Address
- 953 High St. Victor, Ontario County, New York, 14564 United States

District information
- Type: Public
- Motto: Respecting diversity and cultivating kindness
- Grades: K–12
- Superintendent: Dr. Timothy Terranova, Ed.D.

Students and staff
- Staff: 475
- District mascot: The Blue Devils
- Colors: Blue and Gold

Other information
- Website: www.victorschools.org

= Victor Central School District =

School district in New York, United States

The Victor Central School District is a public school district in New York State that serves approximately 4,500 students in the Village of Victor and portions of the towns of Farmington and Victor in Ontario County; portions of the town of Perinton in Monroe County; and portions of the town of Macedon in Wayne County, with an operating budget of approximately $64 million (~$9,884 per student in 2004). The average class size is 24 students (all grades), as of 2006. The student-teacher ratio is 14-15:1(elementary), 13-14:1(middle-high school). As of 2018, there are a total of 475 staff members.

==Superintendent==
Timothy Terranova is the Superintendent of Schools, as of February 13, 2020.

==Board of education==
The Board of Education (BOE) consists of 7 members who serve rotating 3-year terms. Elections for board members are held each year in May, along with a vote on the budget.

The current board members are:

- Tim DeLucia, President
- Christopher Parks, Vice President
- Lisa Kostecki
- Kristin Elliott
- Debbie Palumbo-Sanders
- Elizabeth Mitchell
- Trisha Turner

==Schools==
All of the District's schools are located on a 166 acre campus, which consists of four buildings surrounded by various athletic fields and playgrounds.

Although the Junior and Senior High Schools are physically the same building, they are considered separate in most other aspects.

===Elementary schools===
- Victor Early Childhood School (K-1)

Principal: Robert DeRose

- Victor Primary School (2-3 and K-3 Multiage)

Principal: Heidi Robb

- Victor Intermediate School (4-6)

Principal: Ashley Socola

===Middle school===

- Victor Junior High School (7-8)

Principal: Brian D. Gee

===High school===

- Victor Senior High School (9-12)

Principal: Brian Siesto

==Performance==
The District's 86% graduation rate exceeds the State Standard of 55%.

For the past 12 years, the New York State Education Department (NYSED) has named the Junior High School a New York State high performing school in addition to a "School to Watch". In 2013, the NYSED named the Junior and Senior High Schools "Reward Schools" in the "High Performance" category. 98% of students from the class of 2018 graduated with a Regents Diploma, while 63% earned the higher Regents Diploma with Advanced Designation.
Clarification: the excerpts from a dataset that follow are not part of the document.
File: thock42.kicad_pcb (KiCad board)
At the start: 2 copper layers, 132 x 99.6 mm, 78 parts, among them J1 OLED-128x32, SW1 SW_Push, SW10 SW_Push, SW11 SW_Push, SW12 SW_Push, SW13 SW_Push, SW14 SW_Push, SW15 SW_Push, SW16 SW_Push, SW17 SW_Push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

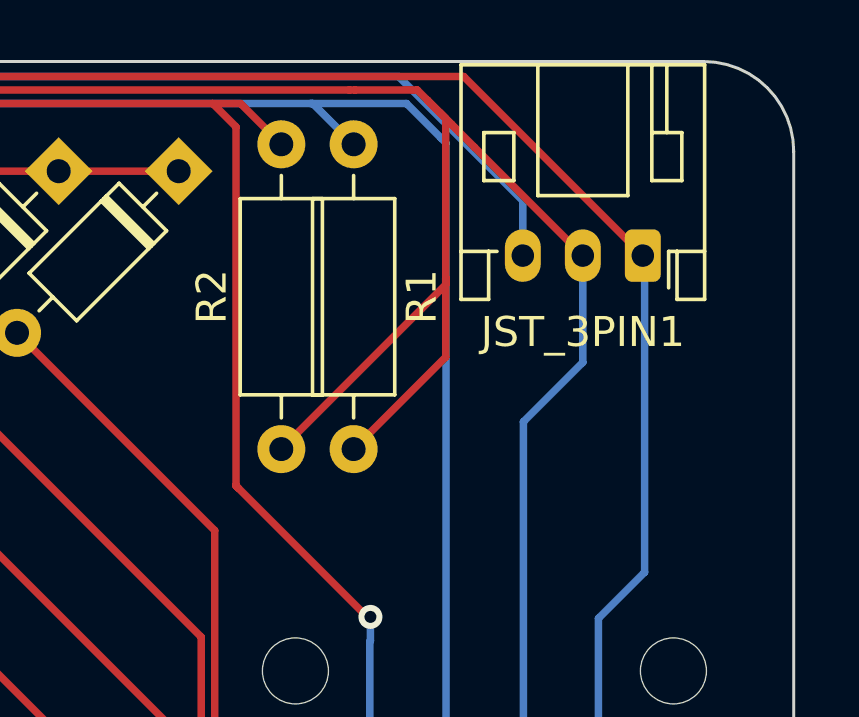
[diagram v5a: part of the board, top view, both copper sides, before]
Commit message: add space between resistors and change some silkscreen labels
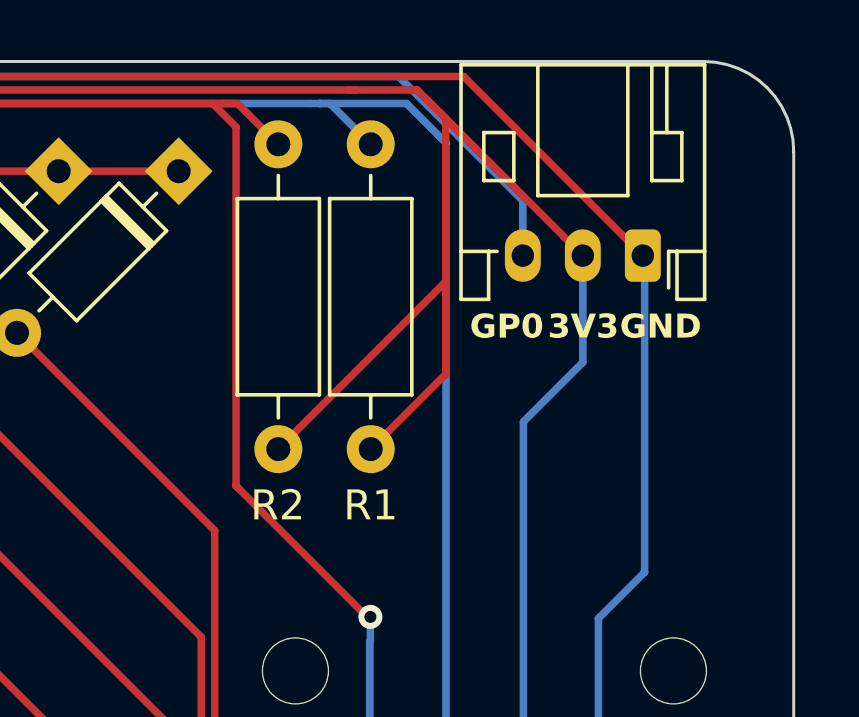
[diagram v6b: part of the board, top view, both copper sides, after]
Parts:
- moved R1 0.57 mm to (203.9, 50.8)
- moved R2 0.10 mm to (200.8, 50.8)
- renumbered JST_3PIN1 to JST_3PIN
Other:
- board text added: "GP0"
- board text removed: "JST_3PIN1"
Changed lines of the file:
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@@
 	(footprint "Resistor_THT:R_Axial_DIN0207_L6.3mm_D2.5mm_P10.16mm_Horizontal"
 		(layer "F.Cu")
-		(at 203.33 50.76 -90)
+		(at 203.9 50.76 -90)
 		(descr "Resistor, Axial_DIN0207 series, Axial, Horizontal, pin pitch=10.16mm, 0.25W = 1/4W, length*diameter=6.3*2.5mm^2, http://cdn-reichelt.de/documents/datenblatt/B400/1_4W%23YAG.pdf")
 		(tags "Resistor Axial_DIN0207 series Axial Horizontal pin pitch 10.16mm 0.25W = 1/4W length 6.3mm diameter 2.5mm")
 		(property "Reference" "R1"
-			(at 5.08 -2.27 -90)
+			(at 12.04 0 0)
 			(layer "F.SilkS")
 			(effects
@@
 		(descr "JST PH series connector, S3B-PH-K (http://www.jst-mfg.com/product/pdf/eng/ePH.pdf), generated with kicad-footprint-generator")
 		(tags "connector JST PH top entry")
-		(property "Reference" "JST_3PIN1"
+		(property "Reference" "JST_3PIN"
 			(at 2 -2.55 180)
 			(layer "F.SilkS")
+			(hide yes)
 			(effects
 				(font
@@
 	(footprint "Resistor_THT:R_Axial_DIN0207_L6.3mm_D2.5mm_P10.16mm_Horizontal"
 		(layer "F.Cu")
-		(at 200.92 50.76 -90)
+		(at 200.82 50.76 -90)
 		(descr "Resistor, Axial_DIN0207 series, Axial, Horizontal, pin pitch=10.16mm, 0.25W = 1/4W, length*diameter=6.3*2.5mm^2, http://cdn-reichelt.de/documents/datenblatt/B400/1_4W%23YAG.pdf")
 		(tags "Resistor Axial_DIN0207 series Axial Horizontal pin pitch 10.16mm 0.25W = 1/4W length 6.3mm diameter 2.5mm")
 		(property "Reference" "R2"
-			(at 5.08 2.32 -90)
+			(at 12.04 0.02 0)
 			(layer "F.SilkS")
 			(effects
@@
 		)
 	)
-	(gr_text "JST_3PIN1"
-		(at 214.83 57.6 -0)
-		(layer "B.SilkS")
-		(effects
-			(font
-				(size 1 1)
-				(thickness 0.15)
-			)
-			(justify left bottom mirror)
-		)
-	)
 	(gr_text "D4"
 		(at 147.8 58.2 45)
@@
 		)
 	)
+	(gr_text "GP0"
+		(at 209.7 57.3 0)
+		(layer "B.SilkS")
+		(effects
+			(font
+				(size 0.8 0.8)
+				(thickness 0.175)
+				(bold yes)
+			)
+			(justify left bottom mirror)
+		)
+	)
 	(gr_text "42"
 		(at 129.91 123 -0)
@@
 		)
 	)
+	(gr_text "GND"
+		(at 214.8 57.3 -0)
+		(layer "B.SilkS")
+		(effects
+			(font
+				(size 0.8 0.8)
+				(thickness 0.175)
+				(bold yes)
+			)
+			(justify left bottom mirror)
+		)
+	)
 	(gr_text "D13"
 		(at 119.6 58.4 45)
@@
 		)
 	)
+	(gr_text "3V3"
+		(at 212.1 57.3 -0)
+		(layer "B.SilkS")
+		(effects
+			(font
+				(size 0.8 0.8)
+				(thickness 0.175)
+				(bold yes)
+			)
+			(justify left bottom mirror)
+		)
+	)
 	(gr_text "D21"
 		(at 191.8 58.2 45)
@@
 		)
 	)
+	(gr_text "3V3"
+		(at 209.8 57.3 0)
+		(layer "F.SilkS")
+		(effects
+			(font
+				(size 0.8 0.8)
+				(thickness 0.175)
+				(bold yes)
+			)
+			(justify left bottom)
+		)
+	)
+	(gr_text "GP0"
+		(at 207.2 57.3 0)
+		(layer "F.SilkS")
+		(effects
+			(font
+				(size 0.8 0.8)
+				(thickness 0.175)
+				(bold yes)
+			)
+			(justify left bottom)
+		)
+	)
 	(gr_text "TH"
 		(at 130.65 125.42 0)
@@
 		)
 	)
+	(gr_text "GND"
+		(at 212.2 57.3 0)
+		(layer "F.SilkS")
+		(effects
+			(font
+				(size 0.8 0.8)
+				(thickness 0.175)
+				(bold yes)
+			)
+			(justify left bottom)
+		)
+	)
 	(gr_text "42"
 		(at 152.66 123 0)
@@
 	)
 	(segment
-		(start 201.97 49.4)
-		(end 201.9 49.4)
-		(width 0.25)
-		(layer "B.Cu")
-		(net 22)
-	)
-	(segment
 		(start 113.874193 50.257017)
 		(end 113.874193 52.325807)
@@
 	)
 	(segment
-		(start 205.093604 49.4)
-		(end 201.9 49.4)
-		(width 0.25)
-		(layer "B.Cu")
-		(net 22)
-	)
-	(segment
-		(start 203.33 50.76)
-		(end 201.97 49.4)
+		(start 202.54 49.4)
+		(end 202.2 49.4)
 		(width 0.25)
 		(layer "B.Cu")
@@
 	)
 	(segment
+		(start 202.2 49.4)
+		(end 201.9 49.4)
+		(width 0.25)
+		(layer "B.Cu")
+		(net 22)
+	)
+	(segment
 		(start 113.874193 52.325807)
 		(end 109.945 56.255)
@@
 	)
 	(segment
+		(start 205.093604 49.4)
+		(end 202.2 49.4)
+		(width 0.25)
+		(layer "B.Cu")
+		(net 22)
+	)
+	(segment
+		(start 203.9 50.76)
+		(end 202.54 49.4)
+		(width 0.25)
+		(layer "B.Cu")
+		(net 22)
+	)
+	(segment
 		(start 113.705904 49.4)
 		(end 113.431739 49.674165)
@@
 	)
 	(segment
-		(start 115.7 49.4)
-		(end 114.73121 49.4)
+		(start 198.63 49.4)
+		(end 199 49.4)
 		(width 0.25)
 		(layer "F.Cu")
@@
 	)
 	(segment
-		(start 199.56 49.4)
-		(end 199.32 49.4)
+		(start 115.7 49.4)
+		(end 114.73121 49.4)
 		(width 0.25)
 		(layer "F.Cu")
@@
 	)
 	(segment
+		(start 199 49.4)
+		(end 199.32 49.4)
+		(width 0.25)
+		(layer "F.Cu")
+		(net 23)
+	)
+	(segment
 		(start 211.49 107.162604)
 		(end 205.19 100.862604)
@@
 	)
 	(segment
-		(start 198.63 49.4)
-		(end 199.32 49.4)
+		(start 200.82 50.76)
+		(end 199.46 49.4)
 		(width 0.25)
 		(layer "F.Cu")
@@
 	)
 	(segment
-		(start 205.19 100.862604)
-		(end 205.19 100.813604)
+		(start 199.46 49.4)
+		(end 199 49.4)
 		(width 0.25)
 		(layer "F.Cu")
@@
 	)
 	(segment
-		(start 200.92 50.76)
-		(end 199.56 49.4)
+		(start 205.19 100.862604)
+		(end 205.19 100.813604)
 		(width 0.25)
 		(layer "F.Cu")
@@
 	)
 	(segment
-		(start 200.92 60.92)
-		(end 206.4 55.44)
-		(width 0.25)
-		(layer "F.Cu")
-		(net 25)
-	)
-	(segment
-		(start 206.4 57.85)
-		(end 206.4 55.2)
-		(width 0.25)
-		(layer "F.Cu")
-		(net 25)
-	)
-	(segment
 		(start 207.245091 106.327513)
 		(end 209.723909 106.327513)
@@
 	)
 	(segment
-		(start 203.33 60.92)
-		(end 206.4 57.85)
+		(start 201.49 108.113604)
+		(end 201.49 94.513604)
 		(width 0.25)
 		(layer "F.Cu")
@@
 	)
 	(segment
-		(start 206.4 49.9)
-		(end 205.8 49.3)
+		(start 104.231 53.715)
+		(end 103.176 54.77)
 		(width 0.25)
 		(layer "F.Cu")
@@
 	)
 	(segment
-		(start 201.49 108.113604)
-		(end 201.49 94.513604)
+		(start 206.4 54.8)
+		(end 206.4 49.9)
 		(width 0.25)
 		(layer "F.Cu")
@@
 	)
 	(segment
-		(start 104.231 53.715)
-		(end 103.176 54.77)
+		(start 206.4 49.9)
+		(end 205.8 49.3)
 		(width 0.25)
 		(layer "F.Cu")
@@
 	)
 	(segment
+		(start 206.4 58.42)
+		(end 206.4 54.8)
+		(width 0.25)
+		(layer "F.Cu")
+		(net 25)
+	)
+	(segment
 		(start 205.8 49.3)
 		(end 205.45 48.95)
@@
 	)
 	(segment
-		(start 206.4 55.2)
-		(end 206.4 49.9)
-		(width 0.25)
-		(layer "F.Cu")
-		(net 25)
-	)
-	(segment
 		(start 203.19 48.95)
 		(end 110.186396 48.95)
@@
 	)
 	(segment
-		(start 206.4 55.44)
-		(end 206.4 55.2)
+		(start 205.45 48.95)
+		(end 203.38 48.95)
 		(width 0.25)
 		(layer "F.Cu")
@@
 	)
 	(segment
-		(start 205.45 48.95)
-		(end 203.38 48.95)
+		(start 200.82 60.92)
+		(end 206.4 55.34)
 		(width 0.25)
 		(layer "F.Cu")
@@
 	)
 	(segment
+		(start 203.9 60.92)
+		(end 206.4 58.42)
+		(width 0.25)
+		(layer "F.Cu")
+		(net 25)
+	)
+	(segment
 		(start 202.59 110.513604)
 		(end 201.49 109.413604)
@@
 		(width 0.25)
 		(layer "F.Cu")
+		(net 25)
+	)
+	(segment
+		(start 206.4 55.34)
+		(end 206.4 54.8)
+		(width 0.25)
+		(layer "F.Cu")

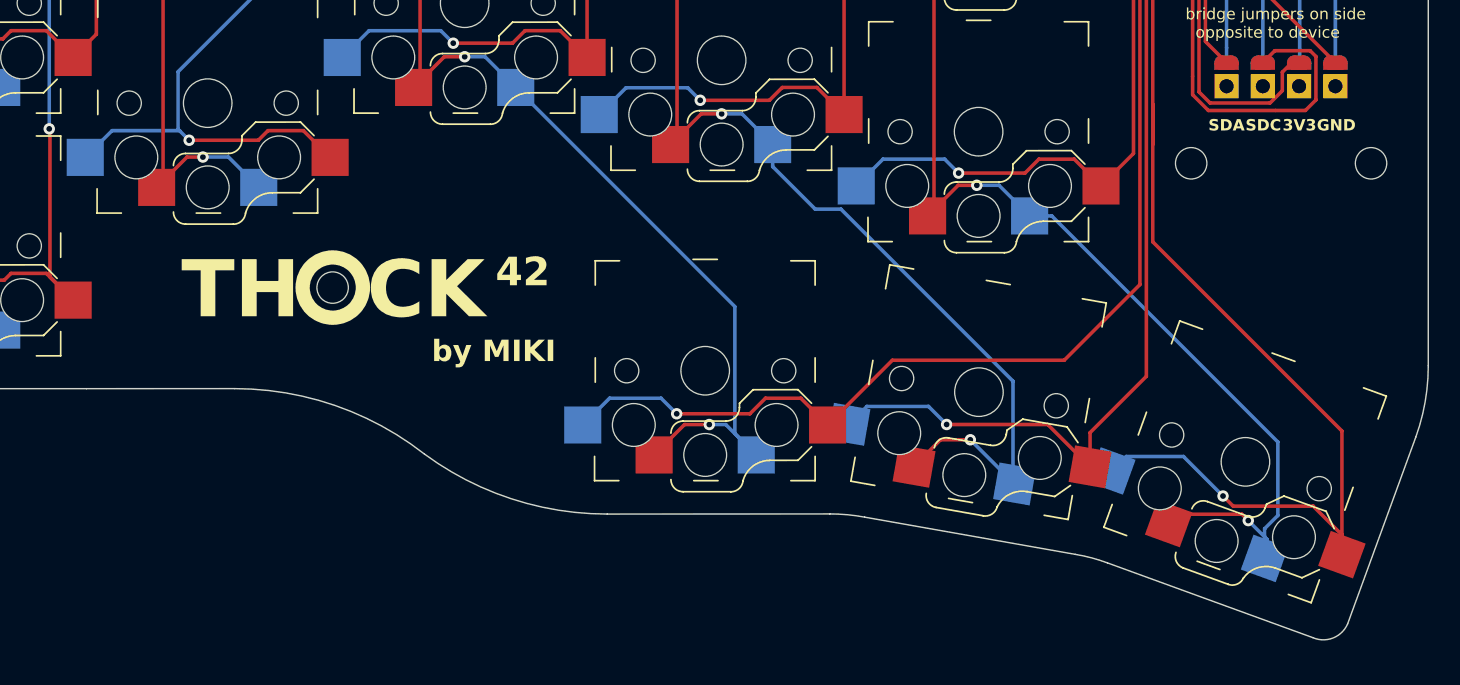
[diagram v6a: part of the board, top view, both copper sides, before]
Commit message: moev thumb cluster down by .2mm
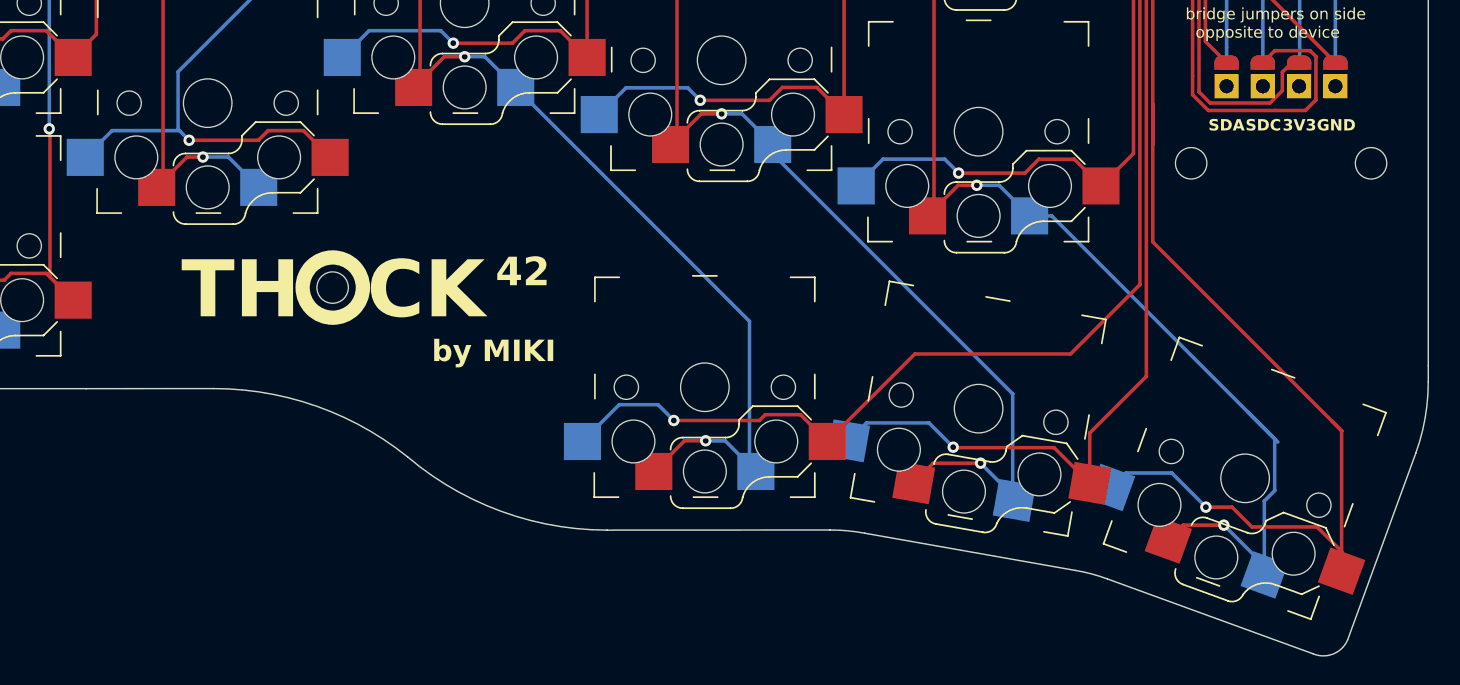
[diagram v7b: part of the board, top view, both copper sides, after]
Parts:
- moved SW19 1.16 mm to (167.3, 129.9)
- moved SW20 1.16 mm to (186.5, 131.4)
- moved SW21 1.16 mm to (205.2, 136.3)
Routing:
- net COL5: track 208.4 -> 212.0 mm
- net Net-(D21-A): track 115.8 -> 118.0 mm
- net Net-(D20-A): track 103.4 -> 104.6 mm
- net COL3: track 157.1 -> 158.2 mm
- net Net-(D19-A): track 116.9 -> 117.4 mm
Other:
- board size 132 x 99.6 mm -> 132 x 100.7 mm

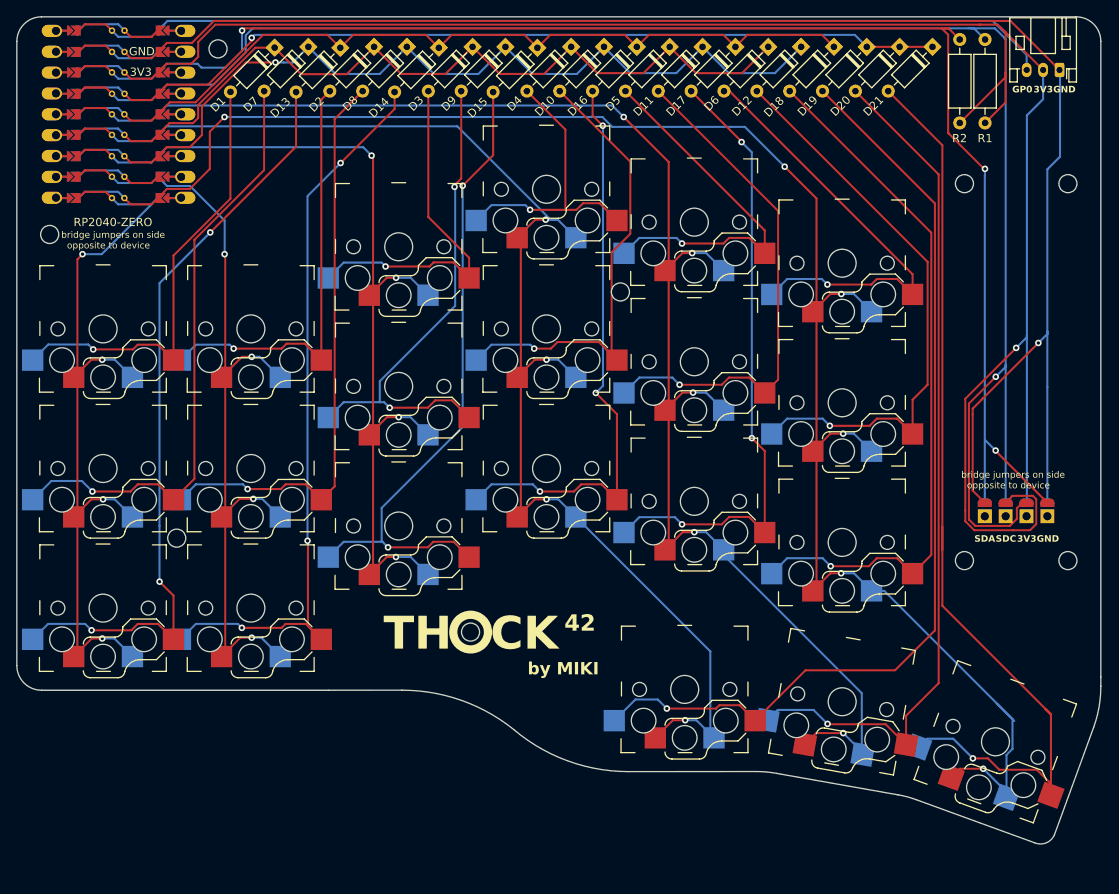
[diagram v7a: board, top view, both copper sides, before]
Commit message: adapt to symmetric keycap spacing
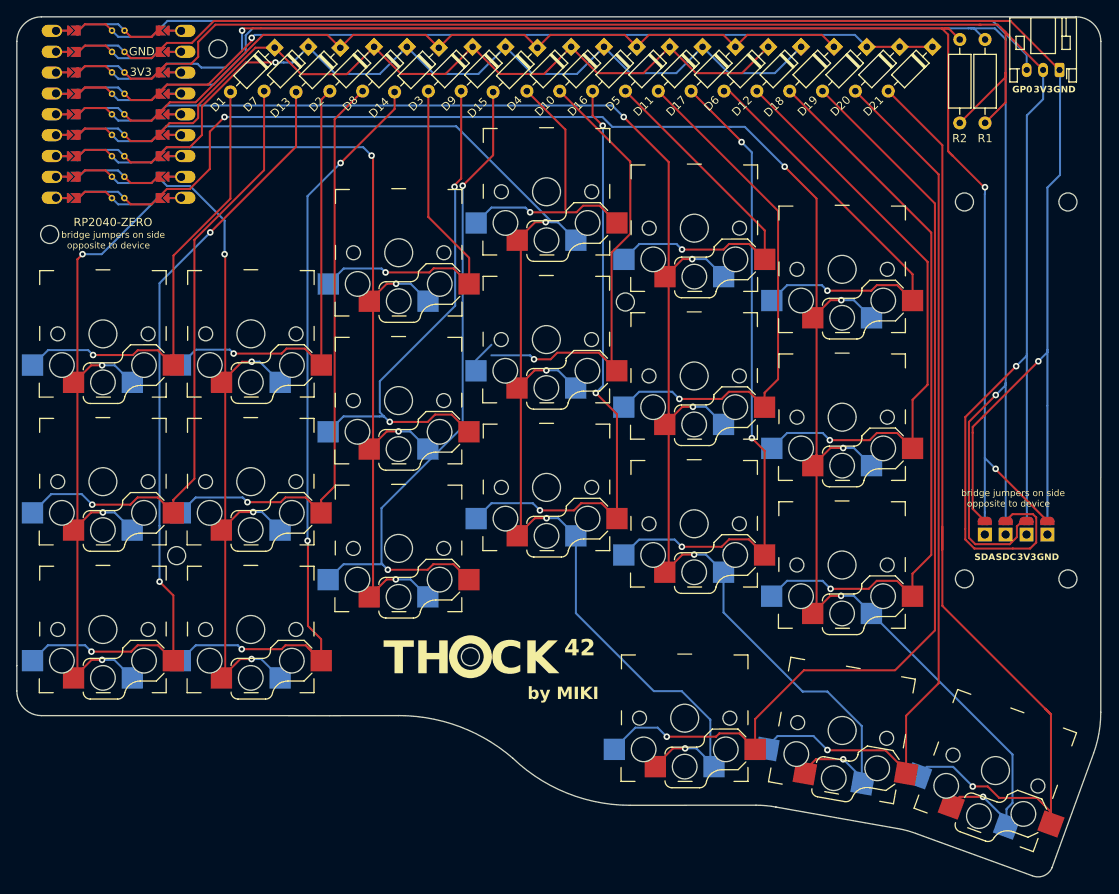
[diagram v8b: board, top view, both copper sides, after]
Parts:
- moved SW19 3.50 mm to (167.3, 133.4)
- moved SW20 3.50 mm to (186.5, 134.9)
- moved SW21 3.50 mm to (205.2, 139.8)
- moved REF** 3.00 mm to (141.2, 125.9)
- moved SW18 2.75 mm to (186.5, 114.8)
- moved SW15 2.73 mm to (132.5, 112.7)
- moved SW17 2.73 mm to (168.5, 109.7)
- moved SW13 2.60 mm to (96.5, 122.6)
- moved SW14 2.60 mm to (114.5, 122.6)
- moved SW16 2.30 mm to (150.5, 105.3)
- moved REF** 2.23 mm to (201.4, 70.5)
- moved REF** 2.23 mm to (214.0, 70.5)
- moved J1 2.23 mm to (201.7, 112.6)
- moved REF** 2.23 mm to (214.0, 116.4)
- moved REF** 2.23 mm to (201.4, 116.4)
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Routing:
- net COL4: track 181.2 -> 188.3 mm
- net COL3: track 158.2 -> 164.5 mm
- net Net-(D14-A): track 90.8 -> 95.7 mm
- net COL2: track 105.7 -> 109.6 mm
- net Net-(D19-A): track 117.4 -> 121.0 mm
- net COL1: track 91.7 -> 95.2 mm
- net COL0: track 89.0 -> 92.6 mm
- net Net-(D21-A): track 118.0 -> 121.4 mm
- net Net-(D20-A): track 104.6 -> 108.0 mm
- net OLED_SDA: track 173.5 -> 176.3 mm
- net Net-(D18-A): track 86.3 -> 89.1 mm
- net Net-(D15-A): track 79.7 -> 82.4 mm
- net Net-(D17-A): track 76.9 -> 79.6 mm
- net Net-(D13-A): track 93.6 -> 96.2 mm
- net Net-(D16-A): track 71.1 -> 73.4 mm
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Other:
- board size 132 x 100.7 mm -> 132 x 104.7 mm

In addition, a total of 99 students were inducted into the National Honor Society that same year.

==School buses and transportation ==

- The District employs a fleet of 78-passenger Blue Bird Puller style buses, as well as ten "short" buses and five, eight-passenger vans. The District runs on a 100,000-mile or 10-year rotation of buses, and will generally buy five new buses per year, in accordance with the budget.
- Every month, all of the buses are inspected by the New York State Department of Transportation.